Following ectopic expression of Cre recombinase (pKM34), the plasmid carrying a lesion is introduced by electroporation into a recipient S. cerevisiae strain containing a chromosomal integration cassette. The plasmid contains a selectable marker (LEU2), and a single lesion located within the 5′-end of the lacZ gene fused to a lox71 site. The chromosomal integration site contains the 3′-end of lacZ fused to lox66 site, so that following the precise integration a full-length functional ß-galactosidase gene (lacZ) is restored (Figure 1).

We placed the chromosomal integration site close to an early replication origin in two different orientations so we can choose to introduce the lesion either on the leading or the lagging strand (Figure 1C and Supplementary Figure S1). To rule out any possible bias due to the choice of the integration site, we chose two different integration sites, on chromosomes III and VI (close to the early replication origins ARS306 or ARS606) (Figure 1B). The non-damaged strand contains a +2 frameshift inactivating the lacZ gene, serving as a genetic marker for strand discrimination (Figure 1C). After electroporation of the vector, cells are plated on selective indicator plates (SDa-LEU, X-gal) before the first cell division occurs. The lesion is placed in such sequence context, that all in-frame TLS events, both error-free and mutagenic, result in a functional lacZ gene (blue colony sectors), while DA events result in inactivated lacZ gene (white colony) (Figure 1D). Integration of lesion free vectors gives rise to essentially only sectored colonies (Figure 1D).

PCR analysis and sequencing confirmed that all colonies obtained on selective plates result from precise integration of the vector into the chromosomal integration site. No colonies were observed after transformation of a strain not expressing Cre recombinase or without chromosomal integration site.

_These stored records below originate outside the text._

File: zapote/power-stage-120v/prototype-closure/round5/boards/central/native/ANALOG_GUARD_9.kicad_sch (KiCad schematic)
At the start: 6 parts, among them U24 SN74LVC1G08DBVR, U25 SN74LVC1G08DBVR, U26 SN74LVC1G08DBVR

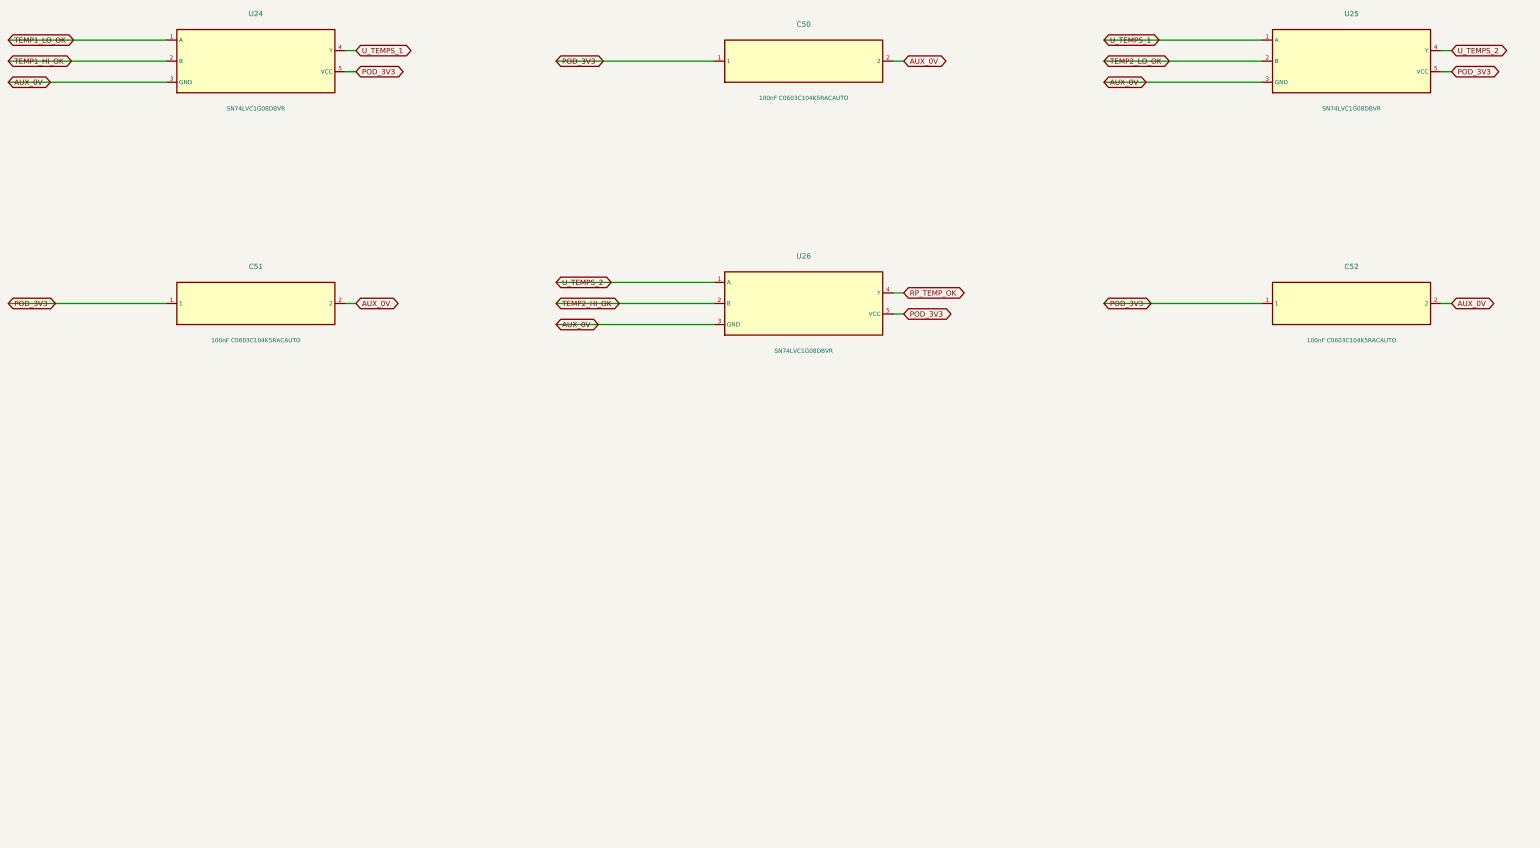
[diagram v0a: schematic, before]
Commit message: WIP snapshot of worktrees/mit-product-guidance (2026-10-08)
Uncommitted Codex prototype-closure work (round5 boards, round6
investigation, firmware power adapter), snapshotted without touching the
worktree. Raw solver output under output/temper-prototype-closure/ is
not included.

Co-Authored-By: Claude Opus 5.5 (1M context) <noreply@anthropic.com>
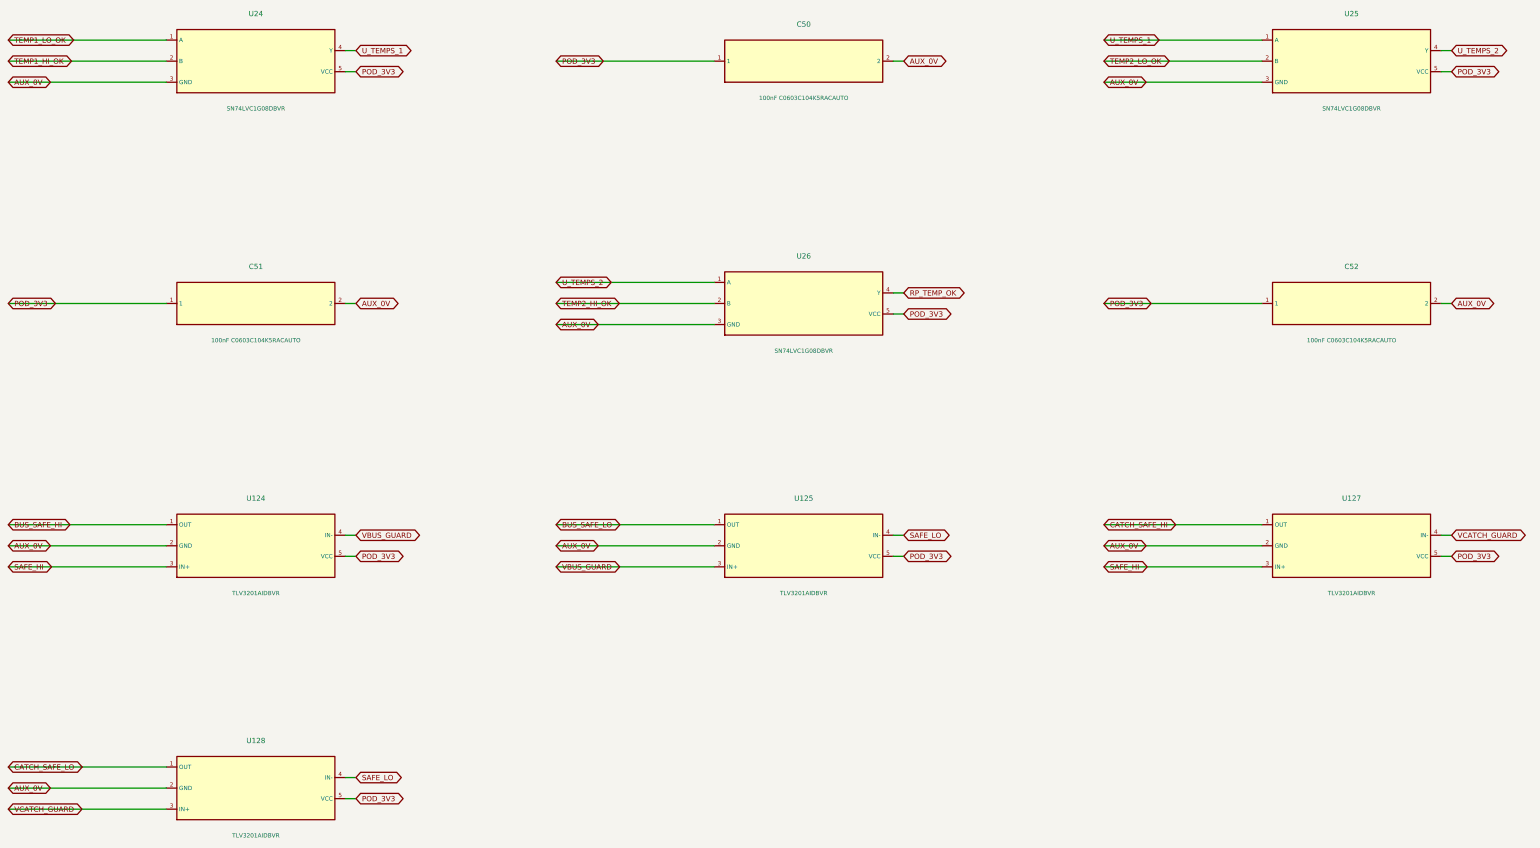
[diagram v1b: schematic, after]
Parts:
- added U124: TLV3201AIDBVR, Package_TO_SOT_SMD:SOT-23-5, symbol Supervisor:Part_U124
- added U125: TLV3201AIDBVR, Package_TO_SOT_SMD:SOT-23-5, symbol Supervisor:Part_U125
- added U127: TLV3201AIDBVR, Package_TO_SOT_SMD:SOT-23-5, symbol Supervisor:Part_U127
- added U128: TLV3201AIDBVR, Package_TO_SOT_SMD:SOT-23-5, symbol Supervisor:Part_U128
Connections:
- net AUX_0V: now also U124.2 (GND), U125.2 (GND), U127.2 (GND), U128.2 (GND)
- net POD_3V3: now also U124.5 (VCC), U125.5 (VCC), U127.5 (VCC), U128.5 (VCC)
- new net BUS_SAFE_HI: U124.1 (OUT)
- new net BUS_SAFE_LO: U125.1 (OUT)
- new net CATCH_SAFE_HI: U127.1 (OUT)
- new net CATCH_SAFE_LO: U128.1 (OUT)
- new net SAFE_HI: U124.3 (IN+), U127.3 (IN+)
- new net SAFE_LO: U125.4 (IN-), U128.4 (IN-)
- new net VBUS_GUARD: U124.4 (IN-), U125.3 (IN+)
- new net VCATCH_GUARD: U127.4 (IN-), U128.3 (IN+)

Bypass of UV lesions by translesion synthesis

To validate our system, we constructed 3 integration vectors, containing no lesion, a TT-CPD lesion (cyclobutane pyrimidine dimer) and a TT(6-4) lesion (thymine-thymine pyrimidine(6-4)pyrimidone photoproduct). In order to focus on lesion tolerance mechanisms, we inactivated the repair mechanisms in our parental strain (namely nucleotide excision repair: rad14, and photolyase: phr1), as well as the mismatch repair system (msh2), to avoid the repair of the strand marker. Tolerance events are calculated as the ratio of colonies resulting from the integration of the damaged vector versus the lesion-free one.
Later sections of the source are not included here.